Instructions to follow
Exactly as they appear, print the line with "Commit message: added footprint" and each line after it through the end of the entries below; leave out pictures.

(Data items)
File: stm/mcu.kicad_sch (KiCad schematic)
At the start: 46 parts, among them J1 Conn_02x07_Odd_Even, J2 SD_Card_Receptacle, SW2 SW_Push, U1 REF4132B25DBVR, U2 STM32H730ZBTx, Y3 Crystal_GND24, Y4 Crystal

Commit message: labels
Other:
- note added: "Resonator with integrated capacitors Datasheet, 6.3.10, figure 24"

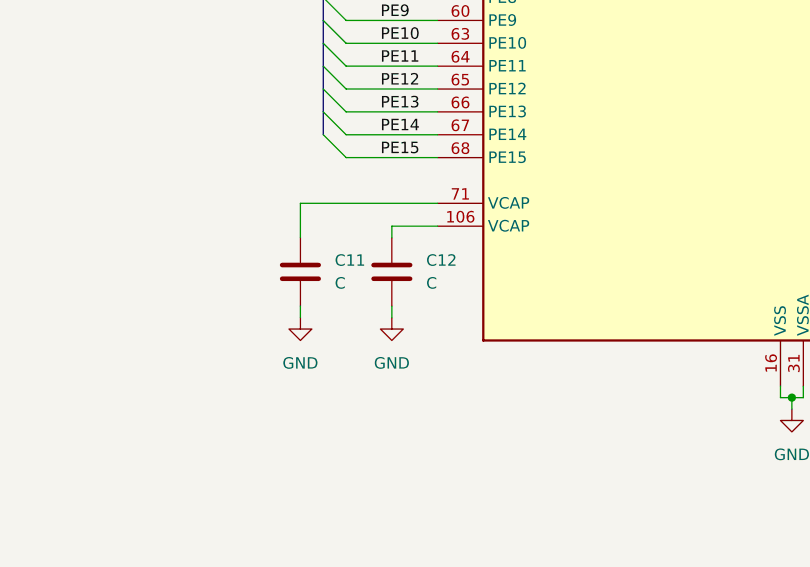
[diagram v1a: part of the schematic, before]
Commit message: vcap on mcu
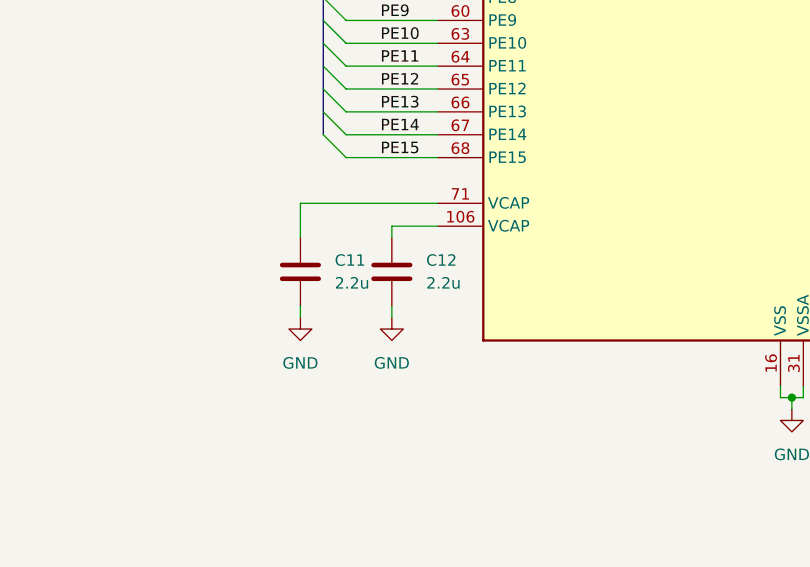
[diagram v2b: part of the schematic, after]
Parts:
- C11, C12: value C -> 2.2u

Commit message: added caps
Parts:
- C1, C10, C15, C16, C17, C18, C19, C21, C22, C23, C24, C25, C26, C3, C7: value C -> 100n
- C13, C14: value C -> 15p
- C2, C20, C4: value C -> 1u
- C27: value C -> 4u7
- C8, C9: value C -> 6p
- R2: value R -> 200k
- Y3: value Crystal_GND24 -> 25MHz
- Y4: value Crystal -> ABS05-32.768KHZ-T

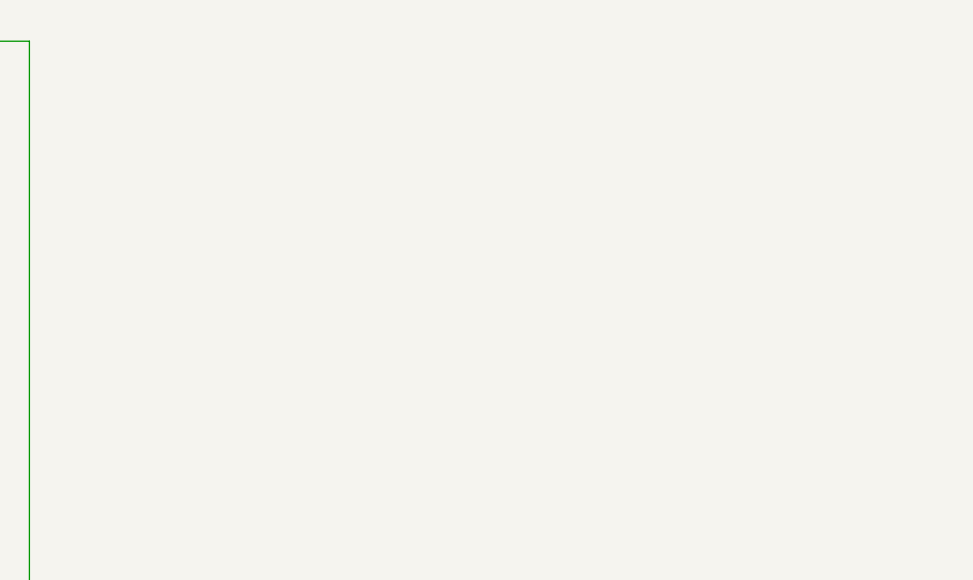
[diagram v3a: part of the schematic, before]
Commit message: RS-422 transceiver module
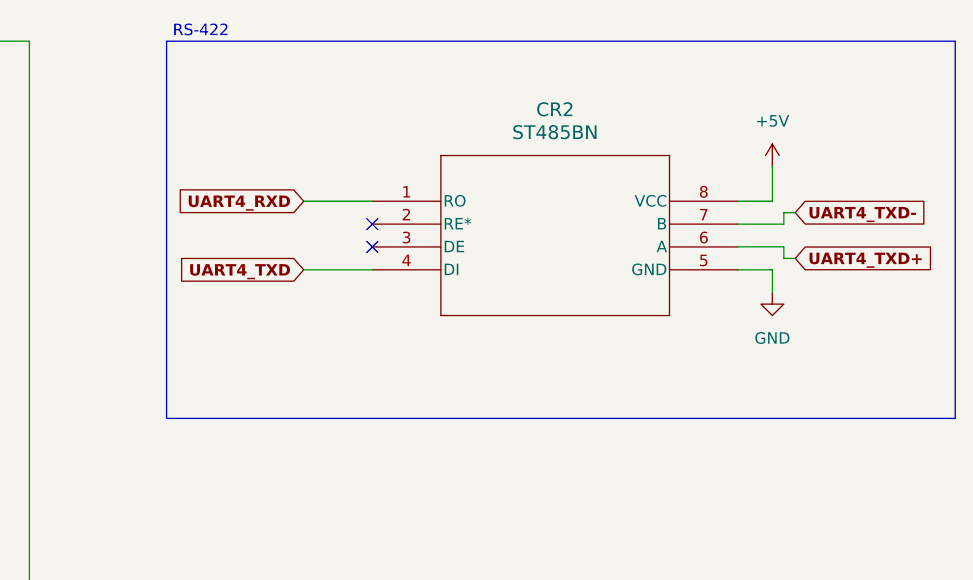
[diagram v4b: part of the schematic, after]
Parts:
- added CR2: ST485BN, SO-8_STM, symbol 2025-09-02_01-37-02:ST485BN
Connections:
- net GND: now also CR2.5 (GND)
- net UART4_RXD: now also CR2.1 (RO)
- net UART4_TXD: now also CR2.4 (DI)
- new net +5V: CR2.8 (VCC)
- new net UART4_TXD+: CR2.6 (A)
- new net UART4_TXD-: CR2.7 (B)
- no-connect marks 4 -> 6
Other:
- note added: "RS-422"

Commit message: Added RS-422 transceiver footprint
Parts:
- CR1: footprint UDFN18_517BV_ONS -> (none)
- CR2: footprint SO-8_STM -> ST485BN:SO-8_STM
- U1: footprint SOT-23-5_DBV_TEX -> (none)

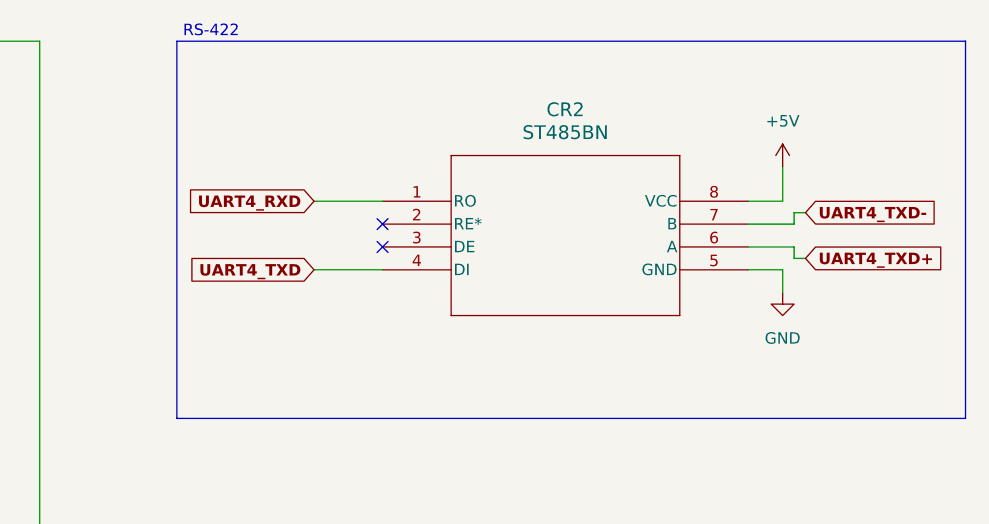
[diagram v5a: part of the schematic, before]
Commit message: Changed part schematic and footprint to ST485BDR
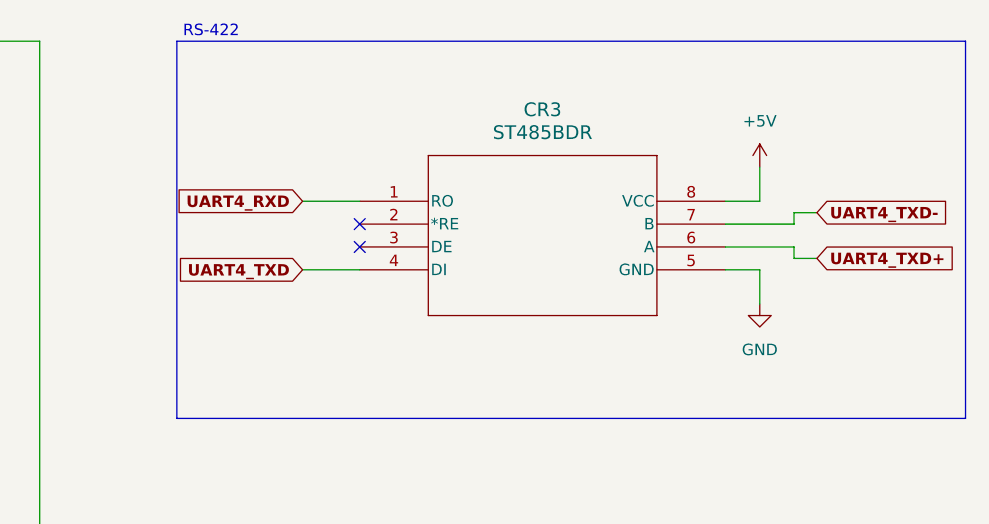
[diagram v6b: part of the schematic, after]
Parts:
- removed CR2: ST485BN, ST485BN:SO-8_STM, symbol 2025-09-02_01-37-02:ST485BN
- added CR3: ST485BDR, ST485BDR:SO-8_STM, symbol 2025-09-03_13-52-52:ST485BDR
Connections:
- net +5V: now also CR3.8 (VCC)
- net GND: now also CR3.5 (GND)
- net UART4_RXD: now also CR3.1 (RO)
- net UART4_TXD: now also CR3.4 (DI)
- net UART4_TXD+: now also CR3.6 (A)
- net UART4_TXD-: now also CR3.7 (B)

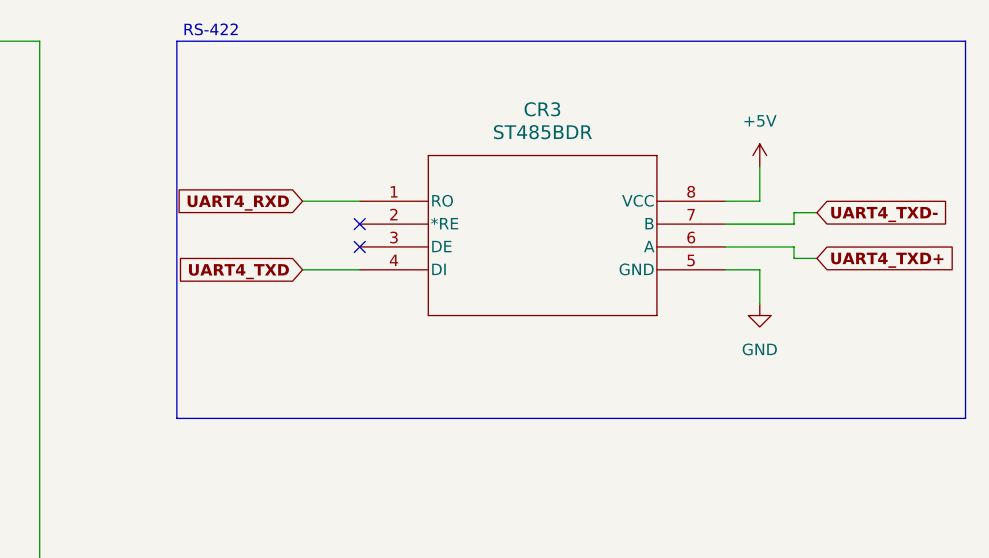
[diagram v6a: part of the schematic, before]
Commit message: added footprint and symbol library
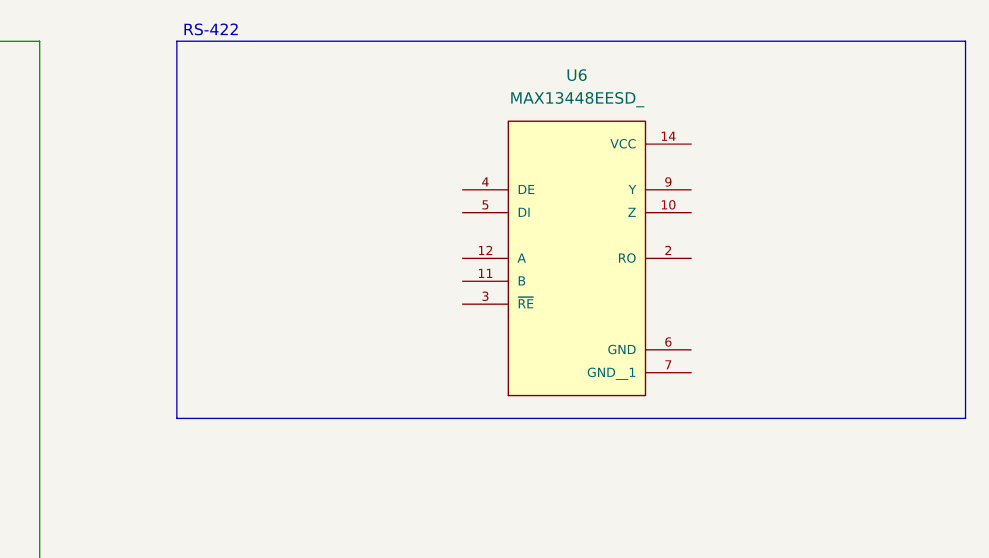
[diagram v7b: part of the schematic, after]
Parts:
- removed CR3: ST485BDR, ST485BDR:SO-8_STM, symbol 2025-09-03_13-52-52:ST485BDR
- added U6: MAX13448EESD_, MAX13448EESD_:SOIC127P600X175-14N, symbol MAX13448EESD:MAX13448EESD_
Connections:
- no-connect marks 6 -> 4

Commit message: added MAX footprint
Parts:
- U6: footprint MAX13448EESD_:SOIC127P600X175-14N -> MAX13448EESD:SOIC127P600X175-14N

The answer
Commit message: added footprint and symbol library
[diagram v7b: part of the schematic, after]
Parts:
- removed CR3: ST485BDR, ST485BDR:SO-8_STM, symbol 2025-09-03_13-52-52:ST485BDR
- added U6: MAX13448EESD_, MAX13448EESD_:SOIC127P600X175-14N, symbol MAX13448EESD:MAX13448EESD_
Connections:
- no-connect marks 6 -> 4

Commit message: added MAX footprint
Parts:
- U6: footprint MAX13448EESD_:SOIC127P600X175-14N -> MAX13448EESD:SOIC127P600X175-14N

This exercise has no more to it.